A Response to Brian Cheffins

by Christopher M. Bruner

Many thanks to Professor Cheffins for his thoughtful response, in which he highlights an important challenge in evaluating the degree of shareholder-centrism in differing corporate governance systems—the difficulty of quantifying the impact of varying legal strategies for protecting shareholders’ interests. In this reply to the issues raised by Professor Cheffins, I distinguish various metrics of shareholder-centrism and consider the degree to which they are amenable to straightforward cross-border comparison.

Professor Cheffins agrees that U.K. shareholders possess greater governance rights than U.S. shareholders do, but rightly observes that rules of civil procedure and corporate law give U.S. shareholders greater capacity to sue. In the important empirical study cited by Professor Cheffins, he and his coauthors find that lawsuits are far more likely to be filed against U.S. directors—and that these suits produce a far greater volume of published opinions—than is the case in the United Kingdom. These findings lead him to suggest that U.S. shareholders’ capacity to sue may compensate for weaker substantive legal protections.

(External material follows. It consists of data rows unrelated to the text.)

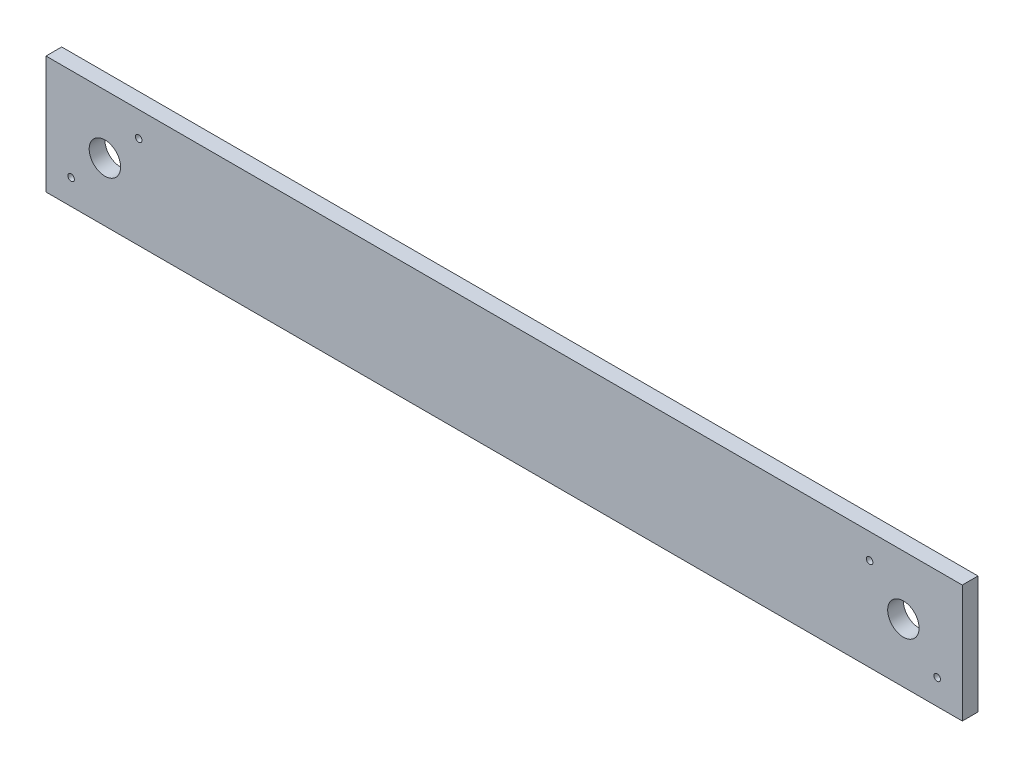
from build123d import *

# Parameters (mm, degrees)
CROQUIS1_W              = 350
CROQUIS1_H              = 45
SALIENTE_EXTRUIR1_DEPTH = 6
CROQUIS2_R              = 6
CROQUIS2_R_2            = 1.25
CORTAR_EXTRUIR1_DEPTH   = 353.932004783


with BuildPart() as part:
    # Croquis1 → Saliente-Extruir1 (new body)
    with BuildSketch(Plane.XY):
        with Locations((-175, -22.5)):
            Rectangle(CROQUIS1_W, CROQUIS1_H)
    extrude(amount=SALIENTE_EXTRUIR1_DEPTH)

    # Croquis2 → Cortar-Extruir1 (cut, through all)
    with BuildSketch(Plane.XY.offset(6)):
        with Locations((-327.5, -22.5)):
            Circle(CROQUIS2_R)
        with Locations((-22.5, -22.5)):
            Circle(CROQUIS2_R)
        with Locations((-314.595301243, -9.595301243)):
            Circle(CROQUIS2_R_2)
        with Locations((-340.404698757, -35.404698757)):
            Circle(CROQUIS2_R_2)
        with Locations((-35.404698757, -9.595301243)):
            Circle(CROQUIS2_R_2)
        with Locations((-9.595301243, -35.404698757)):
            Circle(CROQUIS2_R_2)
    extrude(amount=-CORTAR_EXTRUIR1_DEPTH, mode=Mode.SUBTRACT)


solid = part.part

As Professor Cheffins notes, I address the topic briefly in my Article (at pp. 609–10), and ultimately we agree that the extent to which threat of suit may align directors’ decision-making with the shareholders’ interests is unknown. Given the inherently speculative nature of the question, it may be unknowable—though in my view there remains good reason to conclude that a substantial gap in shareholder orientation remains. While the litigation rate in the United States may vastly eclipse that in the United Kingdom, Professor Cheffins and his coauthors find that liability exposure for directors of U.S. public companies remains exceedingly low. The annual chance of a director of a NYSE- or NASDAQ-listed company facing a corporate lawsuit generating a judicial decision was found to be about 1.1 percent (at p. 706), and the total number of cases found over a seven-year period in which public company directors—inside or outside—had to make out-of-pocket payments could be counted on one hand (three and one, respectively) (at pp. 709–10). To be sure, a high degree of risk aversion, perhaps amplified by reputational considerations, might lead U.S. directors to fear such suits, but appraisal of their liability exposure would not itself seem to militate strongly toward favoring shareholders’ interests. Indeed, such findings might help explain why U.K. shareholders have not pressed harder for expanded litigation rights—particularly where those shareholders are diversified institutions that might reasonably anticipate being just as likely to pay damages awards under such a regime (indirectly, through indemnification and insurance arrangements) as to receive them.

Aside from governance powers and enforcement capabilities, however, there is another important metric of shareholder-centrism—explicit statements of corporate purpose. If strong enforcement capabilities for shareholders were intended to substitute for governance powers in the U.S. corporation—representing a functionally equivalent means of focusing directors’ minds on their interests—then we might expect to find similar expressions of commitment to shareholders in the articulation of directors’ duties. Yet, the U.S.–U.K. divergence is every bit as stark here as it is in the context of governance powers. That U.K. corporate governance places shareholders at the conceptual heart of the corporation is clear—notably in the Companies Act 2006 mandate that directors pursue the best interests of the shareholders exclusively, and in the fact that directors’ powers flow solely from the corporation’s Articles, rather than from the statute. By contrast, U.S. corporate law has remained decidedly ambivalent on issues of corporate purpose, declining invitations to define the corporate enterprise exclusively by reference to the shareholders. In this manner, U.S. corporate law has maintained the flexibility to accommodate other stakeholders’ interests at times of perceived crisis, as when a wave of leveraged hostile tender offers hit in the mid-1980s. Shareholders desiring unfettered freedom to accept such offers sued, to be sure, but the outcome—a decidedly stakeholder-centric approach to takeover regulation (through court decisions in Delaware and statutes elsewhere)—has not remotely approximated the degree of shareholder orientation reflected in the letter of the United Kingdom’s City Code on Takeovers and Mergers and the practice of the associated Panel on Takeovers and Mergers.

To reiterate, Professor Cheffins is absolutely right that the deterrent value of U.S. shareholder litigation remains unknown, and consequently that the precise extent to which shareholder-centrism in U.K. corporate governance exceeds that in U.S. corporate governance “remains at best unclear.” In my view, however, the evidence that a substantial gap exists—both in design and in practical effect—remains compelling.